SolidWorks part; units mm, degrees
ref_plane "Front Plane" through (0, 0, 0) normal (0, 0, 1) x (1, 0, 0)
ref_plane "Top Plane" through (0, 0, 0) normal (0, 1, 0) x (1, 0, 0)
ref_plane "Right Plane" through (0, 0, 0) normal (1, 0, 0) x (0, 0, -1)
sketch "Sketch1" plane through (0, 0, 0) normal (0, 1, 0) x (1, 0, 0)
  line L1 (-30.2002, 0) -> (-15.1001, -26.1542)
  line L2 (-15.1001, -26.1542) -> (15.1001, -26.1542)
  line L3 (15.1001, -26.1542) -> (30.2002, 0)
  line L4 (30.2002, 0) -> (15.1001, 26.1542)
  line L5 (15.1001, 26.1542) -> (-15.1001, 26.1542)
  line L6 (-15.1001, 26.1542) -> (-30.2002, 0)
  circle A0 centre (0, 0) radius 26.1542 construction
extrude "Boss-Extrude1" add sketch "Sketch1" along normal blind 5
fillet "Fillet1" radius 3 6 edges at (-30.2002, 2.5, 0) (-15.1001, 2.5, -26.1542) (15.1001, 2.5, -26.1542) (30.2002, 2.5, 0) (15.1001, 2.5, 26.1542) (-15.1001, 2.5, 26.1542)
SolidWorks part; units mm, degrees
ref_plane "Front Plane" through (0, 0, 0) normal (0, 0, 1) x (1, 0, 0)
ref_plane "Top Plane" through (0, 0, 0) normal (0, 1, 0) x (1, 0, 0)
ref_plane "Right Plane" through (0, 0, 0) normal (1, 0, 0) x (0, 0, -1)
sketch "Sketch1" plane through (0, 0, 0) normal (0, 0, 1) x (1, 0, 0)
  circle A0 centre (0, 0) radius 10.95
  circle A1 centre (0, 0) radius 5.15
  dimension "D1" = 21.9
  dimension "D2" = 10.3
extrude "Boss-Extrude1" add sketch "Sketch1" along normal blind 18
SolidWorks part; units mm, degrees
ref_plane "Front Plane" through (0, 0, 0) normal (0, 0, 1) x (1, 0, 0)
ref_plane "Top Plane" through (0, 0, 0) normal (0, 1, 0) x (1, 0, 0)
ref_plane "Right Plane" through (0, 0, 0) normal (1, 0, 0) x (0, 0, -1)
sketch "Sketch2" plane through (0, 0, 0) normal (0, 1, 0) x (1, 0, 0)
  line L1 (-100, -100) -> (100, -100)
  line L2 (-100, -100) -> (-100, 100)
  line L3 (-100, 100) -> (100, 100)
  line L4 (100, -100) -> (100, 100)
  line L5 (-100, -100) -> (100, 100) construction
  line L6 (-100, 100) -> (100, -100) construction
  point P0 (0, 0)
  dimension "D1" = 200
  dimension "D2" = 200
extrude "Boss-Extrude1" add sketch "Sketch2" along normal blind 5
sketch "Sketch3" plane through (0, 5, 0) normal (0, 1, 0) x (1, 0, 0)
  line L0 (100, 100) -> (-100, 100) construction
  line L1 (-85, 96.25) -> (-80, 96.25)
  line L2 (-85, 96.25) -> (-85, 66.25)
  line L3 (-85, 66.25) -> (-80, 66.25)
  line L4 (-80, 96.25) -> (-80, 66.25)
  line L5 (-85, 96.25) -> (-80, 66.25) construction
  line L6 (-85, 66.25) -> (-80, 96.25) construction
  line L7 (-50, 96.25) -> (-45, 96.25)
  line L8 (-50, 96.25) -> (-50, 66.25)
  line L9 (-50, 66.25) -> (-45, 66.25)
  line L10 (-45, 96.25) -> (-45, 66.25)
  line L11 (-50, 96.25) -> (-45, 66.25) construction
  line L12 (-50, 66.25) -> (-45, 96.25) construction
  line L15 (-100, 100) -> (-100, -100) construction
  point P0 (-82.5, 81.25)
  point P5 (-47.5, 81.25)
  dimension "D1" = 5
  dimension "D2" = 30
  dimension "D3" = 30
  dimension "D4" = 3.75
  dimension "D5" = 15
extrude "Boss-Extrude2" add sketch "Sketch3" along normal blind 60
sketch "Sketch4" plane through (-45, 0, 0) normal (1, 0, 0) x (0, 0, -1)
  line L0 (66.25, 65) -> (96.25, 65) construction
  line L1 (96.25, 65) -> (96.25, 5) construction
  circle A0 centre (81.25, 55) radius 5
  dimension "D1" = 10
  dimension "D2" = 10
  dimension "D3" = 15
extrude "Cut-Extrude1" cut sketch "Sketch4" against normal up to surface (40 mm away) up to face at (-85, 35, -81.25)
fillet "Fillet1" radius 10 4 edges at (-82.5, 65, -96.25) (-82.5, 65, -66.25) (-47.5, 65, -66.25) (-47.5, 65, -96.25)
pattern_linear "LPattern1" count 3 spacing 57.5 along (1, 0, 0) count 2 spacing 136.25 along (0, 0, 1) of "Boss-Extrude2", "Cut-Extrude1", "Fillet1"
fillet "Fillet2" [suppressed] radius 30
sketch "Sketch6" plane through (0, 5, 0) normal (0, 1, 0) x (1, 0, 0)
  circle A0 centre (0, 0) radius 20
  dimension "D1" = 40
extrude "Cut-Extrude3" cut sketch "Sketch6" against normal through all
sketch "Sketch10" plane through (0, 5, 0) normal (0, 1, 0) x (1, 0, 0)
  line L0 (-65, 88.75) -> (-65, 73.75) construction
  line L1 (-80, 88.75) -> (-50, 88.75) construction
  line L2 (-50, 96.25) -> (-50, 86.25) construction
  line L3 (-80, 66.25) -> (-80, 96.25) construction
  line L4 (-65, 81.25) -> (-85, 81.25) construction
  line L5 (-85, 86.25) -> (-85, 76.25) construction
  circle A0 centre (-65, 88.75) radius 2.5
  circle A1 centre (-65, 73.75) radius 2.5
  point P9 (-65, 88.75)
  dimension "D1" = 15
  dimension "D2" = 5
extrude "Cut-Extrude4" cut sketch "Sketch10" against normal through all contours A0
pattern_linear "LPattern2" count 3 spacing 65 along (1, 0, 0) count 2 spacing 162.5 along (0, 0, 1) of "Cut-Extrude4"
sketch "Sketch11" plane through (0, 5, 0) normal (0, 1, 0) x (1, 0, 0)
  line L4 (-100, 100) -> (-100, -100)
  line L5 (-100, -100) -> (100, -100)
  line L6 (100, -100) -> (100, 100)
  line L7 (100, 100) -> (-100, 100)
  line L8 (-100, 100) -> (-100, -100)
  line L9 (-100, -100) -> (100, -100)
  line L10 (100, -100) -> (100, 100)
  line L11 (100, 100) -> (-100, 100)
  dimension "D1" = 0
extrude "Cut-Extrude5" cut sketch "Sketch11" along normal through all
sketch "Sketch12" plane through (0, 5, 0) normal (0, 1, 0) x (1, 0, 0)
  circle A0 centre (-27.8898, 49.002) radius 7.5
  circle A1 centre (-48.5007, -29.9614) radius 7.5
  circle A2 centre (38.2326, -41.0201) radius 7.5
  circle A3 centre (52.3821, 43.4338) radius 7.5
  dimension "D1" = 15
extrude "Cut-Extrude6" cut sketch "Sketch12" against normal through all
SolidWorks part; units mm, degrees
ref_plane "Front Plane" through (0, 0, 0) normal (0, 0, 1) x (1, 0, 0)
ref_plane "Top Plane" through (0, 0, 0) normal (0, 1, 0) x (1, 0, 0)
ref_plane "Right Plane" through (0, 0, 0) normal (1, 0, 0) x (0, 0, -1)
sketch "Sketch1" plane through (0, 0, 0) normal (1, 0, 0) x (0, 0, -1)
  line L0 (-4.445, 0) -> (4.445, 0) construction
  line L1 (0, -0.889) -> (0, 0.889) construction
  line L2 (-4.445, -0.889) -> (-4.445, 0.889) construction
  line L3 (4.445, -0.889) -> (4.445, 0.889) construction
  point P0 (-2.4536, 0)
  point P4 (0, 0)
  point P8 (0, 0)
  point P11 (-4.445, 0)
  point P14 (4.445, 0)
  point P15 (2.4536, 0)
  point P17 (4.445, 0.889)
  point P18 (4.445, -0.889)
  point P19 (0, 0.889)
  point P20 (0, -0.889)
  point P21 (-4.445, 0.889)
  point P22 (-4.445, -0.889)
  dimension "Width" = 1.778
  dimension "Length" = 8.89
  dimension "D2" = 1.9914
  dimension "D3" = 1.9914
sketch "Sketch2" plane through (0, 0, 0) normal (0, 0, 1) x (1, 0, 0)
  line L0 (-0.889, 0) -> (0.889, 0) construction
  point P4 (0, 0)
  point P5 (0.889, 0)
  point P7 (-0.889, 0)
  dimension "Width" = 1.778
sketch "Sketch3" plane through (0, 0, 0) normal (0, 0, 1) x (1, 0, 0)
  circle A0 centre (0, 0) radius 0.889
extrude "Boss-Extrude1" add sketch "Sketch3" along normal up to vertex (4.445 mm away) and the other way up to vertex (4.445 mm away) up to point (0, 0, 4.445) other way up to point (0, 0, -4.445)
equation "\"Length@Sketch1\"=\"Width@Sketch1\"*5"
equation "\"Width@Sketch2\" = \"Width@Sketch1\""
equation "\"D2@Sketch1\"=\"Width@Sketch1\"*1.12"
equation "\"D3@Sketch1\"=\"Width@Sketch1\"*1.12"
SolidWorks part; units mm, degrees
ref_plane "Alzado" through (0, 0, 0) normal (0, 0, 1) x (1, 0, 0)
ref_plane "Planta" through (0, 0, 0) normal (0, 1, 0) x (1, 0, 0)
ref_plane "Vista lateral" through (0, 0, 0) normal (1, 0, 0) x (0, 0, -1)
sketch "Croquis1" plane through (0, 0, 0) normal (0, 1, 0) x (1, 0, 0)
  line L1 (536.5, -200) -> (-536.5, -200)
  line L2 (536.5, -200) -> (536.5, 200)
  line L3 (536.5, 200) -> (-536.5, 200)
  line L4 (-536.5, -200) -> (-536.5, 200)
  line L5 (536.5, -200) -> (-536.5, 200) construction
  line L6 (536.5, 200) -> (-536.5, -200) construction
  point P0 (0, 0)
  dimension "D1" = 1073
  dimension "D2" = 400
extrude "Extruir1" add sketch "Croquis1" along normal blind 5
++++++++
§ GOAL OF THE EXERCISE:
Exactly the lines from the one containing "line L3 (536.5, 200) -> (-536.5, 200)" through the end of the records above are to be printed, and no others.

§ YOUR RESPONSE:
  line L3 (536.5, 200) -> (-536.5, 200)
  line L4 (-536.5, -200) -> (-536.5, 200)
  line L5 (536.5, -200) -> (-536.5, 200) construction
  line L6 (536.5, 200) -> (-536.5, -200) construction
  point P0 (0, 0)
  dimension "D1" = 1073
  dimension "D2" = 400
extrude "Extruir1" add sketch "Croquis1" along normal blind 5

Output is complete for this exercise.